Deep reinforcement learning-based spacecraft attitude control with pointing keep-out constraint
Juntang Yang, Mohamed Khalil Ben-Larbi
TL;DR
Deep reinforcement learning is applied to spacecraft attitude reorientation under a single pointing keep-out constraint using SAC, incorporating a constraint-aware state representation and a tailored reward to enforce the zone. A two-phase curriculum training strategy improves learning efficiency and constraint handling. Monte Carlo tests (10,000 scenarios) show ~97% success in meeting the targeting while respecting the keep-out, but some failures persist, indicating that reward shaping alone cannot guarantee safety and safe RL approaches are needed.

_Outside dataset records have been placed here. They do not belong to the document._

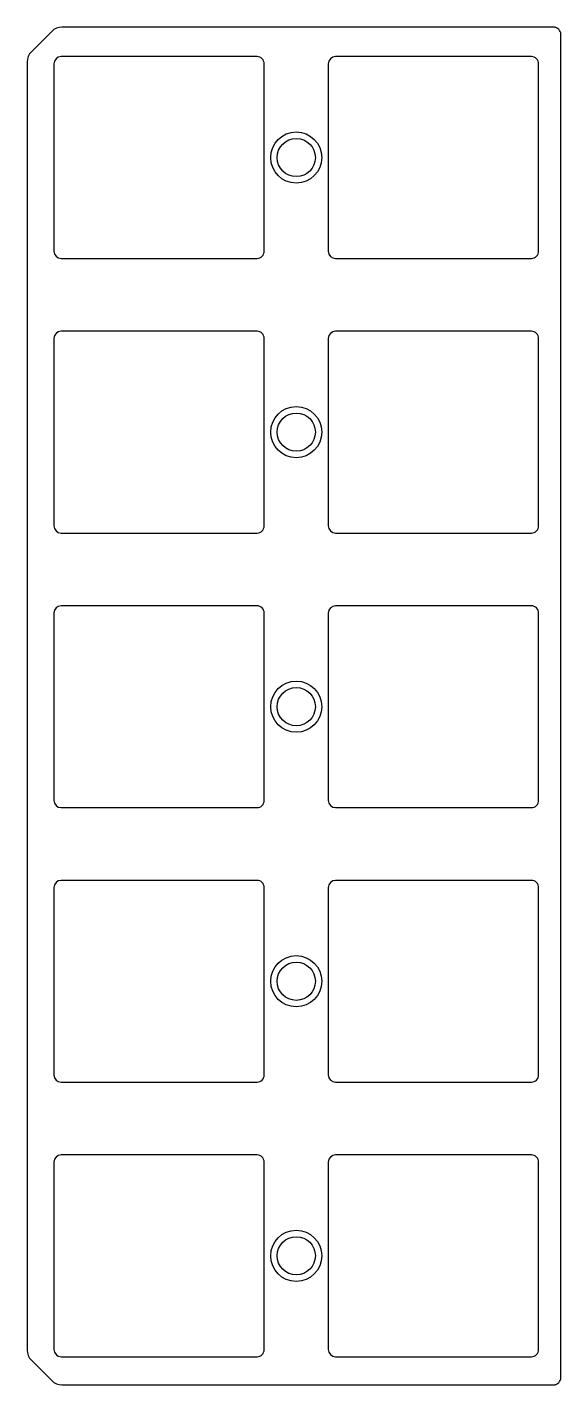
# Model space of a CAD drawing. Header units: millimetres. Extents: x -52 to -15, y -85.2 to 9.
import ezdxf

# ---------------------------------------------------------------- set-up
doc = ezdxf.new("R2010")
doc.units = ezdxf.units.MM
doc.header["$MEASUREMENT"] = 0

msp = doc.modelspace()

# ---------------------------------------------------------------- linework, layer by layer
for points in [[(-52.019, -82.738, 0.198912), (-51.726, -83.445), (-50.312, -84.86, 0.198912), (-49.605, -85.153), (-15.469, -85.153, 0.414214), (-14.969, -84.653), (-14.969, 8.547, 0.414214), (-15.469, 9.047), (-49.605, 9.047, 0.198912), (-50.312, 8.755), (-51.726, 7.34, 0.198912), (-52.019, 6.633)], [(-50.312, 8.755), (-51.726, 7.34, 0.198912), (-52.019, 6.633), (-52.019, -82.738, 0.198912), (-51.726, -83.445), (-50.312, -84.86, 0.198912), (-49.605, -85.153), (-15.469, -85.153, 0.414214), (-14.969, -84.653), (-14.969, 8.547, 0.414214), (-15.469, 9.047), (-49.605, 9.047, 0.198912)], [(-52.019, -82.738, 0.198912), (-51.726, -83.445), (-50.312, -84.86, 0.198912), (-49.605, -85.153), (-15.469, -85.153, 0.414214), (-14.969, -84.653), (-14.969, 8.547, 0.414214), (-15.469, 9.047), (-49.605, 9.047, 0.198912), (-50.312, 8.755), (-51.726, 7.34, 0.198912), (-52.019, 6.633)], [(-35.562, -6.5), (-35.562, 6.5, 0.414214), (-36.062, 7), (-49.662, 7, 0.414212), (-50.162, 6.5), (-50.162, -6.5, 0.414212), (-49.662, -7), (-36.062, -7, 0.414214)], [(-17.012, 7), (-30.612, 7, 0.414212), (-31.113, 6.5), (-31.113, -6.5, 0.414212), (-30.612, -7), (-17.012, -7, 0.414214), (-16.512, -6.5), (-16.512, 6.5, 0.414214)], [(-49.662, -12.05, 0.414212), (-50.162, -12.55), (-50.162, -25.55, 0.414212), (-49.662, -26.05), (-36.062, -26.05, 0.414214), (-35.562, -25.55), (-35.562, -12.55, 0.414214), (-36.062, -12.05)], [(-17.012, -12.05), (-30.612, -12.05, 0.414212), (-31.113, -12.55), (-31.113, -25.55, 0.414212), (-30.612, -26.05), (-17.012, -26.05, 0.414214), (-16.512, -25.55), (-16.512, -12.55, 0.414214)], [(-50.162, -31.6), (-50.162, -44.6, 0.414212), (-49.662, -45.1), (-36.062, -45.1, 0.414214), (-35.562, -44.6), (-35.562, -31.6, 0.414214), (-36.062, -31.1), (-49.662, -31.1, 0.414212)], [(-31.113, -31.6), (-31.113, -44.6, 0.414212), (-30.612, -45.1), (-17.012, -45.1, 0.414214), (-16.512, -44.6), (-16.512, -31.6, 0.414214), (-17.012, -31.1), (-30.612, -31.1, 0.414212)], [(-35.562, -63.65), (-35.562, -50.65, 0.414214), (-36.062, -50.15), (-49.662, -50.15, 0.414212), (-50.162, -50.65), (-50.162, -63.65, 0.414212), (-49.662, -64.15), (-36.062, -64.15, 0.414214)], [(-17.012, -64.15, 0.414214), (-16.512, -63.65), (-16.512, -50.65, 0.414214), (-17.012, -50.15), (-30.612, -50.15, 0.414212), (-31.113, -50.65), (-31.113, -63.65, 0.414212), (-30.612, -64.15)], [(-35.562, -82.7), (-35.562, -69.7, 0.414214), (-36.062, -69.2), (-49.662, -69.2, 0.414212), (-50.162, -69.7), (-50.162, -82.7, 0.414212), (-49.662, -83.2), (-36.062, -83.2, 0.414214)], [(-16.512, -69.7, 0.414214), (-17.012, -69.2), (-30.612, -69.2, 0.414212), (-31.113, -69.7), (-31.113, -82.7, 0.414212), (-30.612, -83.2), (-17.012, -83.2, 0.414214), (-16.512, -82.7)]]:
    msp.add_lwpolyline(points, format="xyb", close=True)
for centre, radius in [((-33.338, 0), 1.775), ((-33.338, 0), 1.325), ((-33.338, -19.05), 1.775), ((-33.338, -19.05), 1.325), ((-33.338, -38.1), 1.775), ((-33.338, -38.1), 1.325), ((-33.338, -57.15), 1.775), ((-33.338, -57.15), 1.325), ((-33.338, -76.2), 1.775), ((-33.338, -76.2), 1.325)]:
    msp.add_circle(centre, radius)

doc.saveas('drawing.dxf')

The work demonstrates the potential for real-time, onboard attitude control under pointing constraints and provides a foundation for extending to multiple constraints and shielded RL strategies.
Abstract
This paper implements deep reinforcement learning (DRL) for spacecraft reorientation control with a single pointing keep-out zone. The Soft Actor-Critic (SAC) algorithm is adopted to handle continuous state and action space. A new state representation is designed to explicitly include a compact representation of the attitude constraint zone. The reward function is formulated to achieve the control objective while enforcing the attitude constraint. A curriculum learning approach is used for the agent training. Simulation results demonstrate the effectiveness of the proposed DRL-based method for spacecraft pointing-constrained attitude control.